Requirement >>
Write the records out again exactly, but without pictures.

··· Dataset records ···

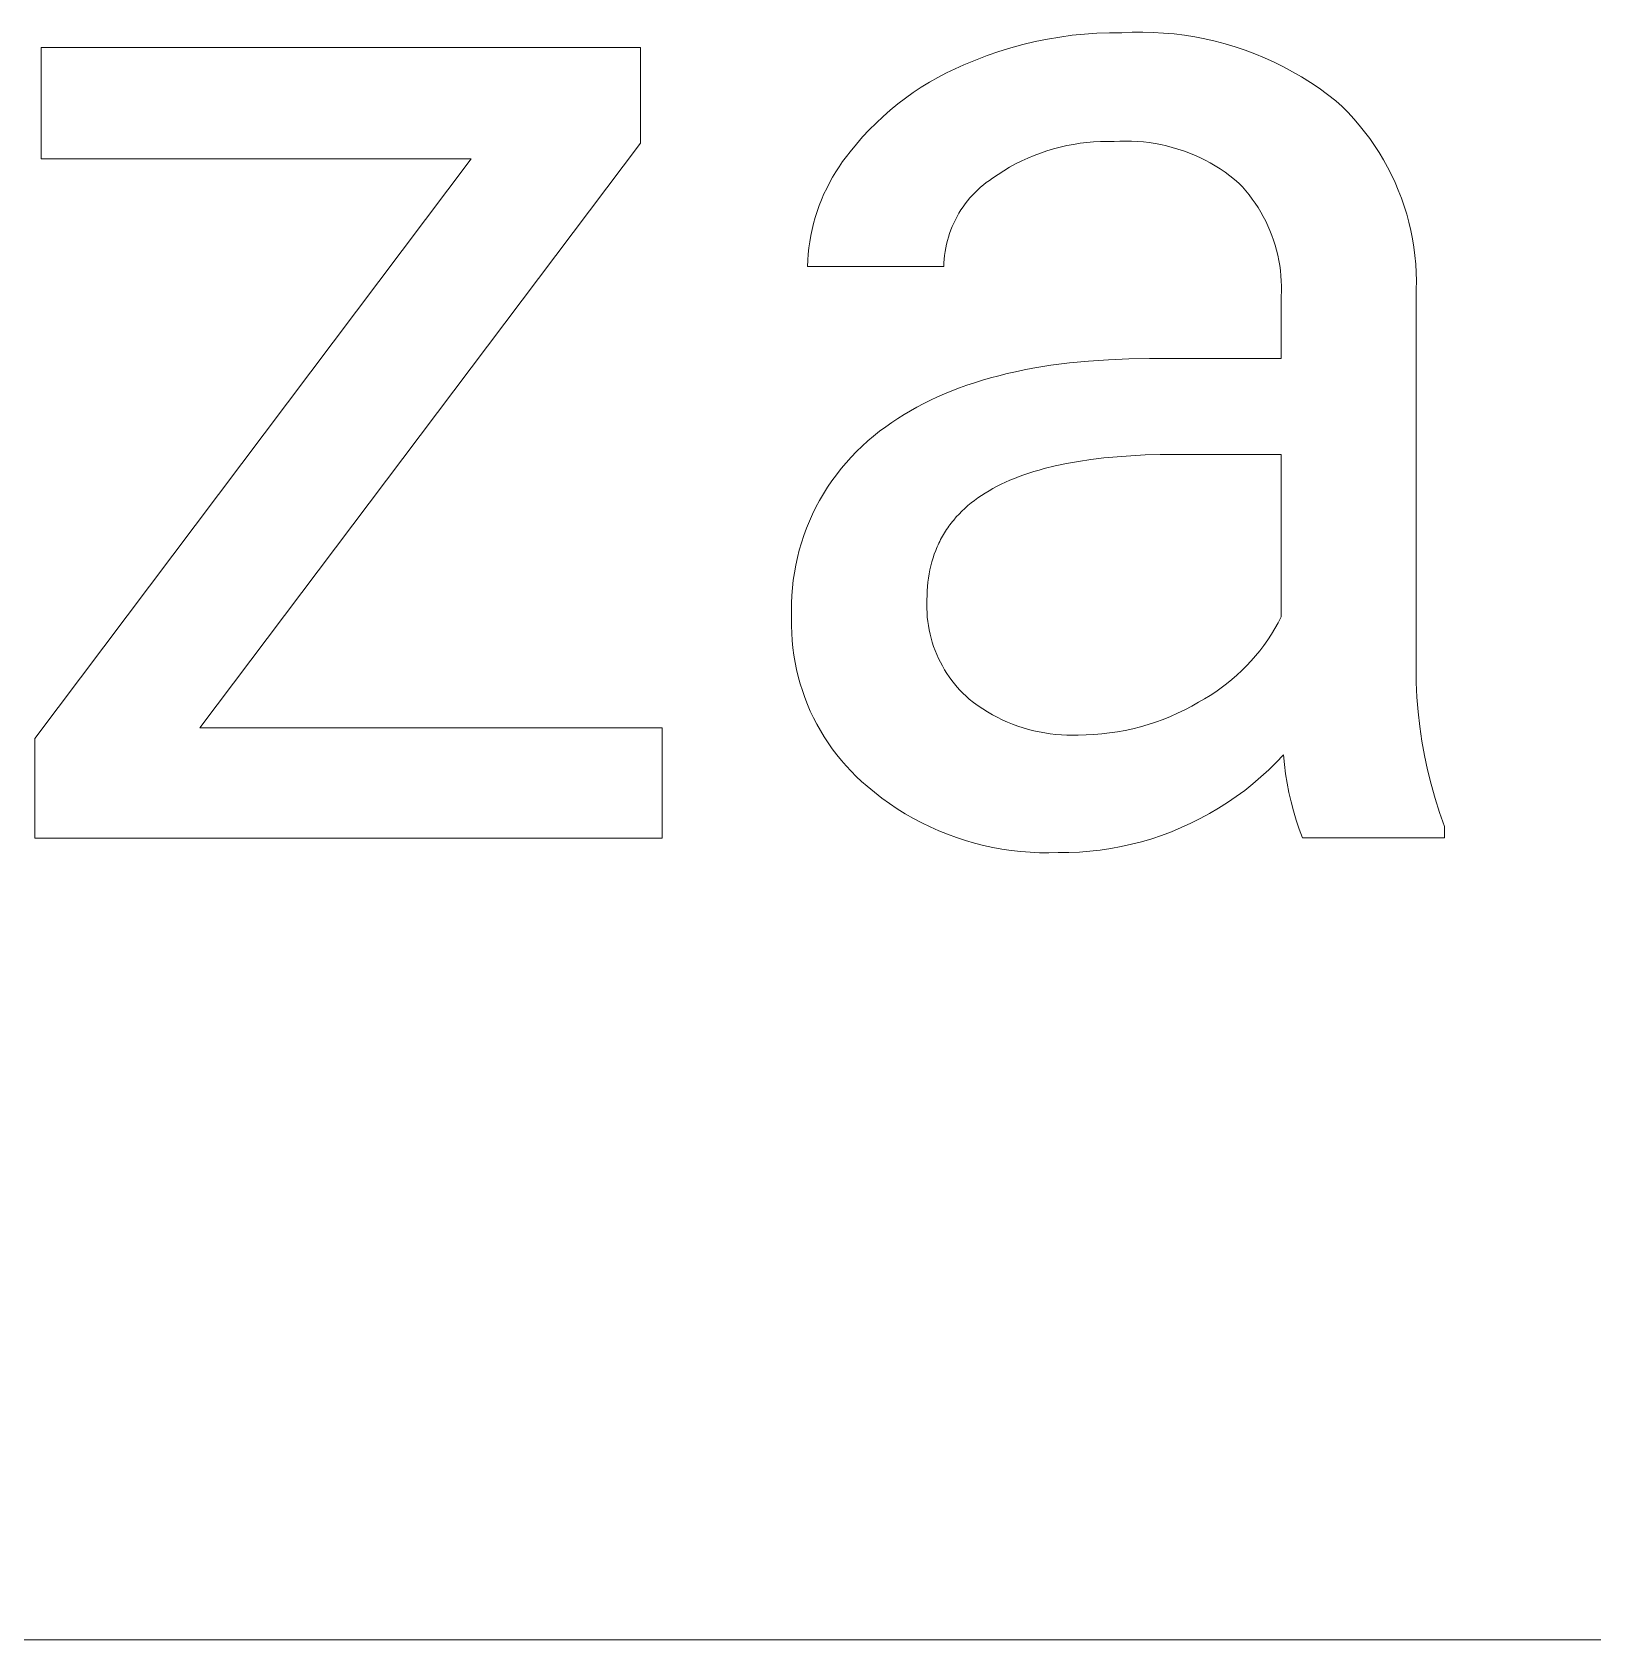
# Model space of a CAD drawing. Header units: millimetres. Extents: x 1434 to 4837, y 1889 to 4267.
# Drawn here: x 3871.7 to 3918.97, y 2079.72 to 2128.4 of the extents above; entities that cross this region are included whole.
import ezdxf

# ---------------------------------------------------------------- set-up
doc = ezdxf.new("R2010")
doc.units = ezdxf.units.MM
doc.header["$MEASUREMENT"] = 0
doc.layers.add('Domyślny', color=7, linetype='Continuous', true_color=0x000000)

msp = doc.modelspace()

# ---------------------------------------------------------------- linework, layer by layer
at = {"layer": 'Domyślny', "color": 18, "lineweight": 15, "true_color": 0x000000}
for p, q in [((3901.707, 2128.029), (3902.075, 2128.116)), ((3902.075, 2128.116), (3902.446, 2128.192)), ((3902.446, 2128.192), (3902.819, 2128.255)), ((3902.819, 2128.255), (3903.193, 2128.306)), ((3903.193, 2128.306), (3903.57, 2128.345)), ((3903.57, 2128.345), (3903.947, 2128.371)), ((3903.947, 2128.371), (3904.325, 2128.384)), ((3904.325, 2128.384), (3904.703, 2128.385)), ((3904.703, 2128.385), (3905.019, 2128.399)), ((3905.019, 2128.399), (3905.336, 2128.402)), ((3905.336, 2128.402), (3905.652, 2128.394)), ((3905.652, 2128.394), (3905.967, 2128.376)), ((3905.967, 2128.376), (3906.282, 2128.347)), ((3906.282, 2128.347), (3906.596, 2128.308)), ((3906.596, 2128.308), (3906.908, 2128.258)), ((3906.908, 2128.258), (3907.219, 2128.198)), ((3907.219, 2128.198), (3907.527, 2128.128)), ((3907.527, 2128.128), (3907.833, 2128.047)), ((3871.97, 2124.561), (3871.97, 2127.938)), ((3871.97, 2127.938), (3890.123, 2127.938)), ((3890.123, 2127.938), (3890.123, 2125.037)), ((3900.27, 2127.558), (3900.623, 2127.693)), ((3900.623, 2127.693), (3900.981, 2127.817)), ((3900.981, 2127.817), (3901.342, 2127.929)), ((3901.342, 2127.929), (3901.707, 2128.029)), ((3907.833, 2128.047), (3908.136, 2127.956)), ((3908.136, 2127.956), (3908.436, 2127.856)), ((3908.436, 2127.856), (3908.732, 2127.745)), ((3908.732, 2127.745), (3909.024, 2127.624)), ((3909.024, 2127.624), (3909.312, 2127.494)), ((3899.132, 2127.031), (3899.391, 2127.167)), ((3899.391, 2127.167), (3899.654, 2127.293)), ((3899.654, 2127.293), (3899.921, 2127.411)), ((3899.921, 2127.411), (3900.27, 2127.558)), ((3909.312, 2127.494), (3909.596, 2127.354)), ((3909.596, 2127.354), (3909.874, 2127.204)), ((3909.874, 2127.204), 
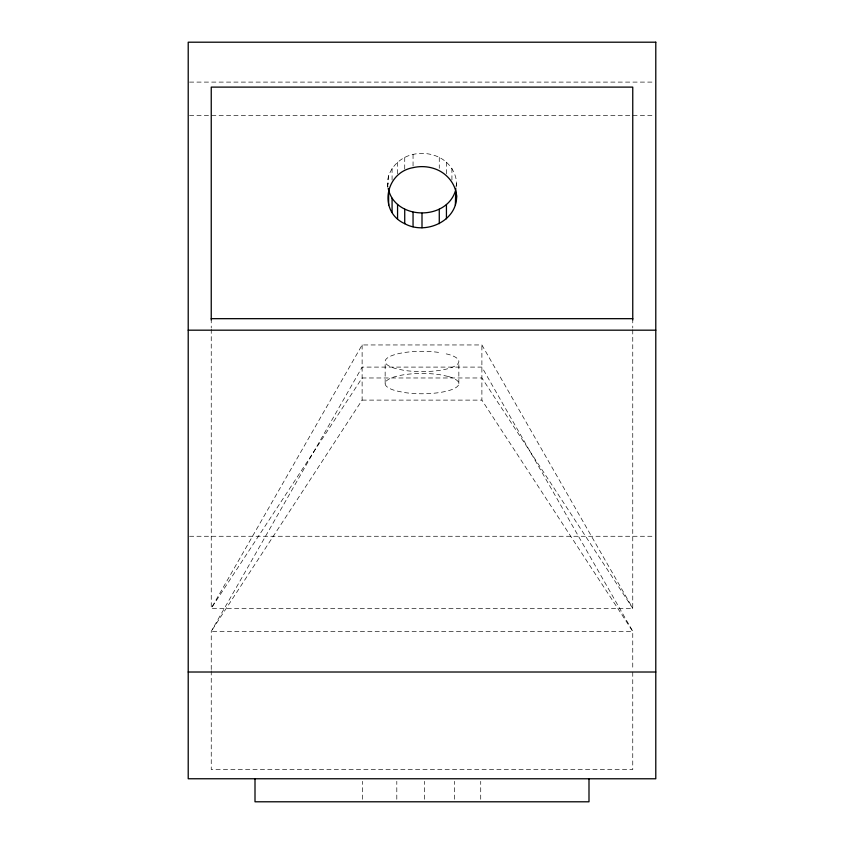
<?xml version="1.0" encoding="UTF-8"?>
<svg xmlns="http://www.w3.org/2000/svg" width="844" height="844" viewBox="0 0 844 844"><rect width="100%" height="100%" fill="white"/><g stroke="black" fill="none" stroke-linecap="round" stroke-linejoin="round"><path stroke-width="0.63" stroke-dasharray="4.22 3.17" d="M211.243 670.832L211.243 769.549L632.757 769.559L632.757 670.832M211.243 669.514L211.243 631.344L362.118 367.098L481.892 367.098L632.757 631.344L632.757 669.535M362.319 799.236L362.319 781.322M385.149 383.609L385.149 361.464M396.807 799.236L396.807 781.322M424.363 799.236L424.363 781.322M454.388 799.236L454.399 781.322M458.851 383.609L458.851 361.464M480.721 799.236L480.721 781.322M387.449 187.104C385.898 171.438 398.146 157.606 413.054 154.41A34.551 29.92 0 0 1 439.27 157.406C450.337 162.86 457.617 174.697 456.551 187.104M455.96 187.189L456.551 183.317M211.243 329.202L211.243 608.313L362.118 377.975L481.892 377.975L632.757 608.324L481.892 344.953L362.118 344.953L211.243 608.313L632.757 608.324L632.757 329.202M362.118 344.953L362.118 400.109L211.243 631.344L632.757 631.365L481.892 400.119L481.892 344.953M189.52 82.1L654.48 82.1M189.52 115.491L654.48 115.491M362.118 400.109L481.892 400.119M189.52 536.267L654.48 536.267M446.202 353.889L448.058 354.28A36.851 10.16 0 0 1 451.245 367.646A36.851 10.16 0 0 1 403.58 370.263L395.941 368.649A36.851 10.16 0 0 1 392.766 355.282A36.851 10.16 0 0 1 440.431 352.665M387.449 183.317L388.04 187.189M632.757 318.673L632.757 327.968M451.92 168.357L451.92 181.914M446.434 162.164L446.434 175.573M439.27 157.406L439.27 168.294M413.054 154.41L413.054 167.661M404.73 157.406L404.73 170.72M397.566 162.164L397.566 175.573M392.08 168.357L392.08 181.914M388.63 175.573L388.63 184.298M211.243 318.673L211.243 327.968M448.058 376.424L440.431 374.81A36.851 10.16 0 0 0 392.766 377.416A36.851 10.16 0 0 0 395.941 390.793L403.58 392.407A36.851 10.16 0 0 0 451.245 389.791A36.851 10.16 0 0 0 448.058 376.424"/><path stroke-width="1.27" d="M255.004 778.759L255.004 801.789L588.996 801.8L588.996 778.769M456.551 197.201C456.33 185.891 449.113 175.89 439.27 170.72A34.53 30.542 0 0 0 413.054 167.661C385.128 172.471 378.017 211.58 404.73 223.681C425.872 235.487 458.292 220.653 456.551 194.679M455.37 205.113L455.771 188.476M455.37 191.06C445.843 221.286 394.665 219.894 388.229 188.476M211.243 318.673L632.757 318.673M188.212 330.183L655.788 330.183M188.212 672.014L655.788 672.014M632.757 320.076L632.757 87.111L211.243 87.111L211.243 320.076M446.434 204.47L446.434 218.818M439.27 209.228L439.27 223.681M422 213.237L422 227.774M413.054 212.224L413.054 226.741M404.73 209.228L404.73 223.681M397.566 204.47L397.566 218.818M392.08 198.277L392.08 212.488M388.63 191.06L388.63 205.113M655.788 42.2L188.212 42.2L188.212 778.759L655.788 778.78L655.788 42.2"/></g></svg>

···

Task output >>
# Model space of a CAD drawing. Header units: millimetres. Extents: x 1434 to 4837, y 1889 to 4267.
# Drawn here: x 3871.7 to 3918.97, y 2079.72 to 2128.4 of the extents above; entities that cross this region are included whole.
import ezdxf

# ---------------------------------------------------------------- set-up
doc = ezdxf.new("R2010")
doc.units = ezdxf.units.MM
doc.header["$MEASUREMENT"] = 0
doc.layers.add('Domyślny', color=7, linetype='Continuous', true_color=0x000000)

msp = doc.modelspace()

# ---------------------------------------------------------------- linework, layer by layer
at = {"layer": 'Domyślny', "color": 18, "lineweight": 15, "true_color": 0x000000}
for p, q in [((3901.707, 2128.029), (3902.075, 2128.116)), ((3902.075, 2128.116), (3902.446, 2128.192)), ((3902.446, 2128.192), (3902.819, 2128.255)), ((3902.819, 2128.255), (3903.193, 2128.306)), ((3903.193, 2128.306), (3903.57, 2128.345)), ((3903.57, 2128.345), (3903.947, 2128.371)), ((3903.947, 2128.371), (3904.325, 2128.384)), ((3904.325, 2128.384), (3904.703, 2128.385)), ((3904.703, 2128.385), (3905.019, 2128.399)), ((3905.019, 2128.399), (3905.336, 2128.402)), ((3905.336, 2128.402), (3905.652, 2128.394)), ((3905.652, 2128.394), (3905.967, 2128.376)), ((3905.967, 2128.376), (3906.282, 2128.347)), ((3906.282, 2128.347), (3906.596, 2128.308)), ((3906.596, 2128.308), (3906.908, 2128.258)), ((3906.908, 2128.258), (3907.219, 2128.198)), ((3907.219, 2128.198), (3907.527, 2128.128)), ((3907.527, 2128.128), (3907.833, 2128.047)), ((3871.97, 2124.561), (3871.97, 2127.938)), ((3871.97, 2127.938), (3890.123, 2127.938)), ((3890.123, 2127.938), (3890.123, 2125.037)), ((3900.27, 2127.558), (3900.623, 2127.693)), ((3900.623, 2127.693), (3900.981, 2127.817)), ((3900.981, 2127.817), (3901.342, 2127.929)), ((3901.342, 2127.929), (3901.707, 2128.029)), ((3907.833, 2128.047), (3908.136, 2127.956)), ((3908.136, 2127.956), (3908.436, 2127.856)), ((3908.436, 2127.856), (3908.732, 2127.745)), ((3908.732, 2127.745), (3909.024, 2127.624)), ((3909.024, 2127.624), (3909.312, 2127.494)), ((3899.132, 2127.031), (3899.391, 2127.167)), ((3899.391, 2127.167), (3899.654, 2127.293)), ((3899.654, 2127.293), (3899.921, 2127.411)), ((3899.921, 2127.411), (3900.27, 2127.558)), ((3909.312, 2127.494), (3909.596, 2127.354)), ((3909.596, 2127.354), (3909.874, 2127.204)), ((3909.874, 2127.204), 
<?xml version="1.0" encoding="UTF-8"?>
<svg xmlns="http://www.w3.org/2000/svg" width="844" height="844" viewBox="0 0 844 844"><rect width="100%" height="100%" fill="white"/><g stroke="black" fill="none" stroke-linecap="round" stroke-linejoin="round"><path stroke-width="0.63" stroke-dasharray="4.22 3.17" d="M211.243 670.832L211.243 769.549L632.757 769.559L632.757 670.832M211.243 669.514L211.243 631.344L362.118 367.098L481.892 367.098L632.757 631.344L632.757 669.535M362.319 799.236L362.319 781.322M385.149 383.609L385.149 361.464M396.807 799.236L396.807 781.322M424.363 799.236L424.363 781.322M454.388 799.236L454.399 781.322M458.851 383.609L458.851 361.464M480.721 799.236L480.721 781.322M387.449 187.104C385.898 171.438 398.146 157.606 413.054 154.41A34.551 29.92 0 0 1 439.27 157.406C450.337 162.86 457.617 174.697 456.551 187.104M455.96 187.189L456.551 183.317M211.243 329.202L211.243 608.313L362.118 377.975L481.892 377.975L632.757 608.324L481.892 344.953L362.118 344.953L211.243 608.313L632.757 608.324L632.757 329.202M362.118 344.953L362.118 400.109L211.243 631.344L632.757 631.365L481.892 400.119L481.892 344.953M189.52 82.1L654.48 82.1M189.52 115.491L654.48 115.491M362.118 400.109L481.892 400.119M189.52 536.267L654.48 536.267M446.202 353.889L448.058 354.28A36.851 10.16 0 0 1 451.245 367.646A36.851 10.16 0 0 1 403.58 370.263L395.941 368.649A36.851 10.16 0 0 1 392.766 355.282A36.851 10.16 0 0 1 440.431 352.665M387.449 183.317L388.04 187.189M632.757 318.673L632.757 327.968M451.92 168.357L451.92 181.914M446.434 162.164L446.434 175.573M439.27 157.406L439.27 168.294M413.054 154.41L413.054 167.661M404.73 157.406L404.73 170.72M397.566 162.164L397.566 175.573M392.08 168.357L392.08 181.914M388.63 175.573L388.63 184.298M211.243 318.673L211.243 327.968M448.058 376.424L440.431 374.81A36.851 10.16 0 0 0 392.766 377.416A36.851 10.16 0 0 0 395.941 390.793L403.58 392.407A36.851 10.16 0 0 0 451.245 389.791A36.851 10.16 0 0 0 448.058 376.424"/><path stroke-width="1.27" d="M255.004 778.759L255.004 801.789L588.996 801.8L588.996 778.769M456.551 197.201C456.33 185.891 449.113 175.89 439.27 170.72A34.53 30.542 0 0 0 413.054 167.661C385.128 172.471 378.017 211.58 404.73 223.681C425.872 235.487 458.292 220.653 456.551 194.679M455.37 205.113L455.771 188.476M455.37 191.06C445.843 221.286 394.665 219.894 388.229 188.476M211.243 318.673L632.757 318.673M188.212 330.183L655.788 330.183M188.212 672.014L655.788 672.014M632.757 320.076L632.757 87.111L211.243 87.111L211.243 320.076M446.434 204.47L446.434 218.818M439.27 209.228L439.27 223.681M422 213.237L422 227.774M413.054 212.224L413.054 226.741M404.73 209.228L404.73 223.681M397.566 204.47L397.566 218.818M392.08 198.277L392.08 212.488M388.63 191.06L388.63 205.113M655.788 42.2L188.212 42.2L188.212 778.759L655.788 778.78L655.788 42.2"/></g></svg>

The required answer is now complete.